* [PROBLEM TO SOLVE]
Beginning with the first line, return the material verbatim and without pictures.
____ PROVIDED RECORDS
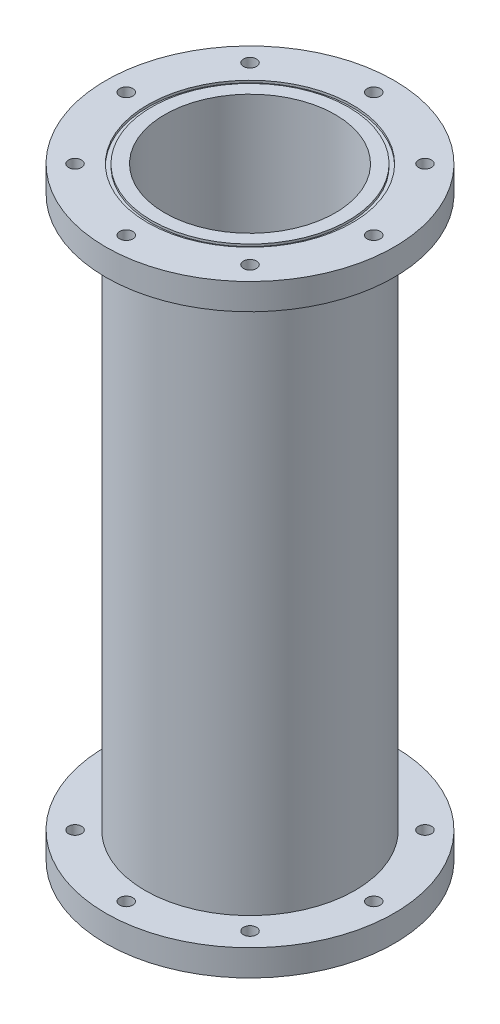
SolidWorks part; units mm, degrees
ref_plane "Front Plane" through (0, 0, 0) normal (0, 0, 1) x (1, 0, 0)
ref_plane "Top Plane" through (0, 0, 0) normal (0, 1, 0) x (1, 0, 0)
ref_plane "Right Plane" through (0, 0, 0) normal (1, 0, 0) x (0, 0, -1)
sketch "Sketch2" plane through (0, 0, 0) normal (0, 1, 0) x (1, 0, 0)
  circle A0 centre (0, 0) radius 41.275
  circle A1 centre (0, 0) radius 50.8
  dimension "D1" = 101.6
  dimension "D2" = 82.55
extrude "Base Cylinder" add sketch "Sketch2" along normal blind 292.1
sketch "Sketch3" plane through (0, 0, 0) normal (0, -1, 0) x (1, 0, 0)
  circle A0 centre (0, 0) radius 41.275
  circle A1 centre (0, 0) radius 69.85
  dimension "D1" = 139.7
extrude "Aft Flange" add sketch "Sketch3" against normal blind 12.7
sketch "Sketch4" plane through (0, 292.1, 0) normal (0, 1, 0) x (1, 0, 0)
  circle A0 centre (0, 0) radius 41.275
  circle A1 centre (0, 0) radius 69.85
extrude "Forward Flange" add sketch "Sketch4" against normal blind 12.7
sketch "Sketch6" plane through (0, 0, 0) normal (0, -1, 0) x (1, 0, 0)
  circle A0 centre (0, 0) radius 49.4792
  circle A1 centre (0, 0) radius 47.625
  dimension "D1" = 98.9584
  dimension "D2" = 95.25
extrude "O-Ring Slot 1" cut sketch "Sketch6" against normal blind 1.1176
sketch "Sketch7" plane through (0, 292.1, 0) normal (0, 1, 0) x (1, 0, 0)
  circle A0 centre (0, 0) radius 49.53
  circle A1 centre (0, 0) radius 47.625
  dimension "D1" = 99.06
  dimension "D2" = 95.25
extrude "O-Ring Slot 2" cut sketch "Sketch7" against normal blind 1.1176
sketch "Sketch8" plane through (0, 0, 0) normal (0, -1, 0) x (1, 0, 0)
  circle A0 centre (-59.9186, 0) radius 3.175
  circle A1 centre (-42.3688, 42.3688) radius 3.175
  circle A2 centre (0, 59.9186) radius 3.175
  circle A3 centre (42.3688, 42.3688) radius 3.175
  circle A4 centre (59.9186, 0) radius 3.175
  circle A5 centre (42.3688, -42.3688) radius 3.175
  circle A6 centre (0, -59.9186) radius 3.175
  circle A7 centre (-42.3688, -42.3688) radius 3.175
  point P36 (0, 0)
  dimension "D2" = 6.35
  dimension "D1" = 59.9186
  dimension "D3" = 8
extrude "Cut-Extrude4" cut sketch "Sketch8" against normal through all both and the other way through all
________
* [THE ANSWER]
SolidWorks part; units mm, degrees
ref_plane "Front Plane" through (0, 0, 0) normal (0, 0, 1) x (1, 0, 0)
ref_plane "Top Plane" through (0, 0, 0) normal (0, 1, 0) x (1, 0, 0)
ref_plane "Right Plane" through (0, 0, 0) normal (1, 0, 0) x (0, 0, -1)
sketch "Sketch2" plane through (0, 0, 0) normal (0, 1, 0) x (1, 0, 0)
  circle A0 centre (0, 0) radius 41.275
  circle A1 centre (0, 0) radius 50.8
  dimension "D1" = 101.6
  dimension "D2" = 82.55
extrude "Base Cylinder" add sketch "Sketch2" along normal blind 292.1
sketch "Sketch3" plane through (0, 0, 0) normal (0, -1, 0) x (1, 0, 0)
  circle A0 centre (0, 0) radius 41.275
  circle A1 centre (0, 0) radius 69.85
  dimension "D1" = 139.7
extrude "Aft Flange" add sketch "Sketch3" against normal blind 12.7
sketch "Sketch4" plane through (0, 292.1, 0) normal (0, 1, 0) x (1, 0, 0)
  circle A0 centre (0, 0) radius 41.275
  circle A1 centre (0, 0) radius 69.85
extrude "Forward Flange" add sketch "Sketch4" against normal blind 12.7
sketch "Sketch6" plane through (0, 0, 0) normal (0, -1, 0) x (1, 0, 0)
  circle A0 centre (0, 0) radius 49.4792
  circle A1 centre (0, 0) radius 47.625
  dimension "D1" = 98.9584
  dimension "D2" = 95.25
extrude "O-Ring Slot 1" cut sketch "Sketch6" against normal blind 1.1176
sketch "Sketch7" plane through (0, 292.1, 0) normal (0, 1, 0) x (1, 0, 0)
  circle A0 centre (0, 0) radius 49.53
  circle A1 centre (0, 0) radius 47.625
  dimension "D1" = 99.06
  dimension "D2" = 95.25
extrude "O-Ring Slot 2" cut sketch "Sketch7" against normal blind 1.1176
sketch "Sketch8" plane through (0, 0, 0) normal (0, -1, 0) x (1, 0, 0)
  circle A0 centre (-59.9186, 0) radius 3.175
  circle A1 centre (-42.3688, 42.3688) radius 3.175
  circle A2 centre (0, 59.9186) radius 3.175
  circle A3 centre (42.3688, 42.3688) radius 3.175
  circle A4 centre (59.9186, 0) radius 3.175
  circle A5 centre (42.3688, -42.3688) radius 3.175
  circle A6 centre (0, -59.9186) radius 3.175
  circle A7 centre (-42.3688, -42.3688) radius 3.175
  point P36 (0, 0)
  dimension "D2" = 6.35
  dimension "D1" = 59.9186
  dimension "D3" = 8
extrude "Cut-Extrude4" cut sketch "Sketch8" against normal through all both and the other way through all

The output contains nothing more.